Non è un ritorno ingenuo al passato, non è una regressione per inerzia: è una ricostruzione cosciente. Modello di tante altre ricostruzioni identitarie oggi in atto. Modello più forte, vincente e felice delle ricostruzioni, per esempio, dichiaratamente fasciste. Funziona più questo rispetto a un libro dove si esortano i giovani ad idolatrare la Patria.
Rinnovamento
A differenza dei nostri antenati che vivevano immersi in un patriarcato dato per scontato, i ragazzi che abbracciano la manosphere aderiscono a una struttura ideologica di “rinnovamento” che scelgono e arredano attivamente. È una performance. La regressione verso forme di violenza e verso la giustificazione o persino l’idealizzazione dello stupro (ben oltre le scritte nei cessi di una scuola) non è un residuo culturale che riaffiora per caso: è un gesto intenzionale. Vuole essere nuovo.

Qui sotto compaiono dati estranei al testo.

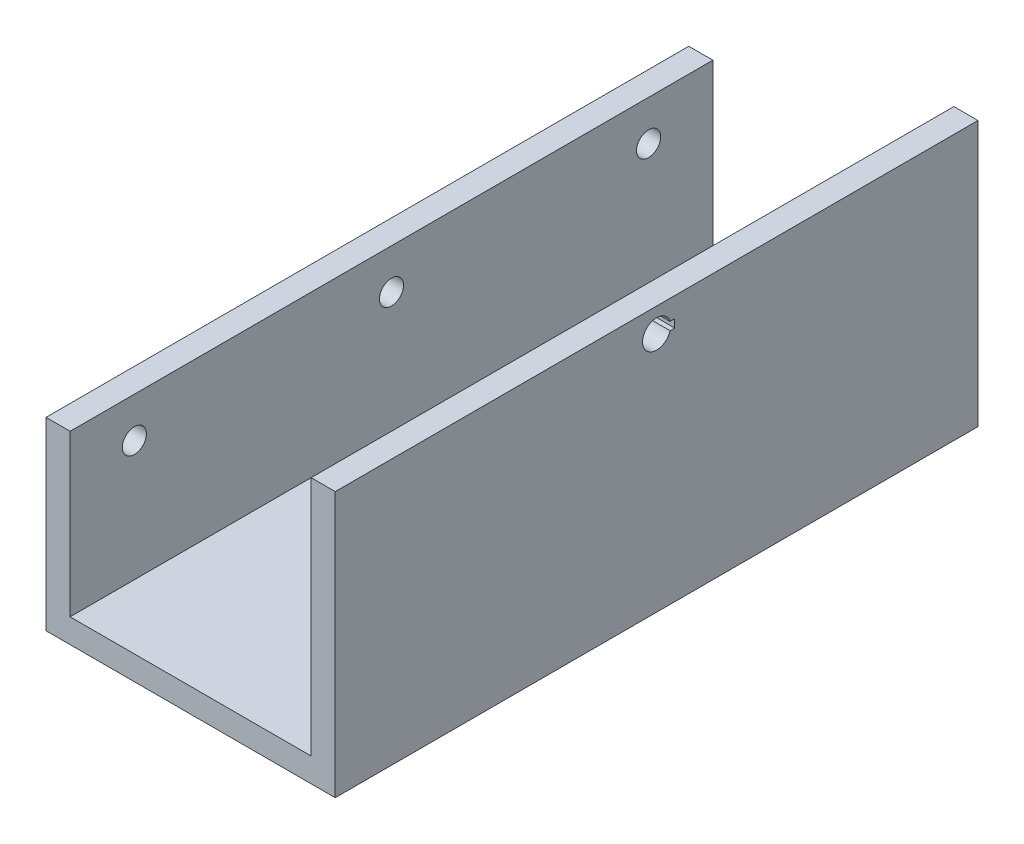
SolidWorks part; units mm, degrees
ref_plane "Front Plane" through (0, 0, 0) normal (0, 0, 1) x (1, 0, 0)
ref_plane "Top Plane" through (0, 0, 0) normal (0, 1, 0) x (1, 0, 0)
ref_plane "Right Plane" through (0, 0, 0) normal (1, 0, 0) x (0, 0, -1)
sketch "Sketch2" plane through (0, 0, 0) normal (0, 0, 1) x (1, 0, 0)
  line L1 (-30, 0) -> (-30, -30)
  line L2 (-30, -30) -> (0, -30)
  line L3 (0, -30) -> (0, 0)
  line L4 (-30, 0) -> (0, 0)
  line L5 (-30, -2.5) -> (0, -2.5) construction
  circle A1 centre (-15, -2.5) radius 1.75
  point P9 (-15, -2.4549)
  point P10 (-15.268, -3.7246)
  dimension "D1" = 3.5
  dimension "D3" = 30
  dimension "D2" = 30
  dimension "D4" = 2.5
extrude "Boss-Extrude1" add sketch "Sketch2" along normal blind 2
sketch "Sketch3" plane through (0, 0, 2) normal (0, 0, 1) x (1, 0, 0)
  line L0 (0, -30) -> (0, 0) construction
  line L1 (-30, -30) -> (0, -30)
  line L2 (-30, -30) -> (-30, -27)
  line L3 (-30, -27) -> (0, -27)
  line L4 (0, -30) -> (0, -27)
  dimension "D1" = 3
extrude "Boss-Extrude2" add sketch "Sketch3" along normal blind 76
ref_plane "Plane1" through (0, 0, 40) normal (0, 0, 1) x (1, 0, 0)
mirror "Mirror1" about plane through (0, 0, 40) normal (0, 0, 1) of "Boss-Extrude1"
extrude "Cut-Extrude1" cut sketch "Sketch7" against normal blind 3
sketch "Sketch7" plane through (-25.653, -30, -8.7727) normal (0, -1, 0) x (1, 0, 0)
  circle A0 centre (10.653, 28.3027) radius 4
sketch "Sketch8" plane through (0, 0, 0) normal (0, 1, 0) x (1, 0, 0)
  line L0 (-30, -80) -> (0, -80) construction
  line L1 (0, -80) -> (0, -78) construction
  line L2 (0, -78) -> (-30, -78) construction
  line L3 (-30, -78) -> (-30, -80) construction
  line L4 (0, 0) -> (-30, 0) construction
  line L5 (-30, 0) -> (-30, -2) construction
  line L6 (-30, -2) -> (0, -2) construction
  line L7 (0, -2) -> (0, 0) construction
  line L8 (-30, -80) -> (0, -80)
  line L9 (0, -80) -> (0, -78)
  line L10 (0, -78) -> (-30, -78)
  line L11 (-30, -78) -> (-30, -80)
  line L12 (0, 0) -> (-30, 0)
  line L13 (-30, 0) -> (-30, -2)
  line L14 (-30, -2) -> (0, -2)
  line L15 (0, -2) -> (0, 0)
extrude "Cut-Extrude2" cut sketch "Sketch8" against normal up to surface (27 mm away) up to face at (-11, -27, 19.53)
sketch "Sketch9" plane through (0, -30, 0) normal (0, -1, 0) x (1, 0, 0)
  line L1 (0, 80) -> (3, 80)
  line L2 (0, 80) -> (0, 0)
  line L3 (0, 0) -> (3, 0)
  line L4 (3, 80) -> (3, 0)
  line L5 (-30, 80) -> (-33, 80)
  line L6 (-30, 80) -> (-30, 0)
  line L7 (-30, 0) -> (-33, 0)
  line L8 (-33, 80) -> (-33, 0)
  dimension "D1" = 80
  dimension "D2" = 3
  dimension "D3" = 3
  dimension "D4" = 80
extrude "Boss-Extrude3" add sketch "Sketch9" against normal blind 33
sketch "Sketch10" plane through (-33, 0, 0) normal (-1, 0, 0) x (0, 0, 1)
  line L0 (0, 0) -> (80, 0) construction
  line L1 (80, 3) -> (80, -30) construction
  circle A0 centre (40, 0) radius 1.75
  dimension "D1" = 3.5
extrude "Cut-Extrude3" cut sketch "Sketch10" against normal through all
extrude "Cut-Extrude4" cut sketch "Sketch11" against normal blind 50
sketch "Sketch11" plane through (-33, -23.4689, -8.7727) normal (-1, 0, 0) x (0, 0, 1)
  line L3 (47.0956, 22.9689) -> (46.5227, 22.9689)
  line L4 (46.5227, 22.9689) -> (46.5227, 23.9689)
  line L5 (46.5227, 23.9689) -> (47.0956, 23.9689)
  arc A1 (47.0956, 22.9689) -> (47.0956, 23.9689) centre (48.7727, 23.4689) ccw
sketch "Sketch12" plane through (-33, 0, 0) normal (-1, 0, 0) x (0, 0, 1)
  line L0 (80, 3) -> (80, -30) construction
  line L1 (0, 3) -> (80, 3)
  line L2 (0, 3) -> (0, -7)
  line L3 (0, -7) -> (80, -7)
  line L4 (80, 3) -> (80, -7)
  dimension "D1" = 10
extrude "Cut-Extrude5" cut sketch "Sketch12" against normal up to next
extrude "Cut-Extrude6" cut sketch "Sketch13" against normal blind 6
sketch "Sketch13" plane through (-36, -23.4689, -8.7727) normal (-1, 0, 0) x (0, 0, 1)
  line L0 (8.7727, 11.4689) -> (88.7727, 11.4689) construction
  circle A0 centre (16.7727, 11.4689) radius 1.5
  circle A1 centre (48.7727, 11.4689) radius 1.5
  circle A2 centre (80.7727, 11.4689) radius 1.5
  point P13 (48.7727, 11.4689)

In un’epoca in cui tutto è precarietà (relazioni, lavoro, immagine di sé), la promessa della pillola rossa offre un inquadramento. Se il mondo è complicato, qualcuno deve essere colpevole. Se sei marginale, qualcuno ti ha sottratto qualcosa. E quel qualcuno è una ragazza. Le donne sono la metà della popolazione, fai tu i conti, ragazzo mio. Dentro questo schema, sentirsi vittima (delle donne) produce gratificazione, e il recupero del potere passa attraverso un’interpretazione radicale della frustrazione.
Non basta denunciare il fenomeno. Si deve lavorare sulla solitudine, come si dice, ma si deve intervenire anche sul bisogno di una conversazione morale, un bisogno che non va sottovalutato. La difficoltà crescente delle relazioni affettive è reale anche per gli adulti. La disumanizzazione che deriva da decenni di ideologia della competizione oggi è il paesaggio delle esistenze. Dentro il paesaggio, la rabbia cerca uno schema interpretativo.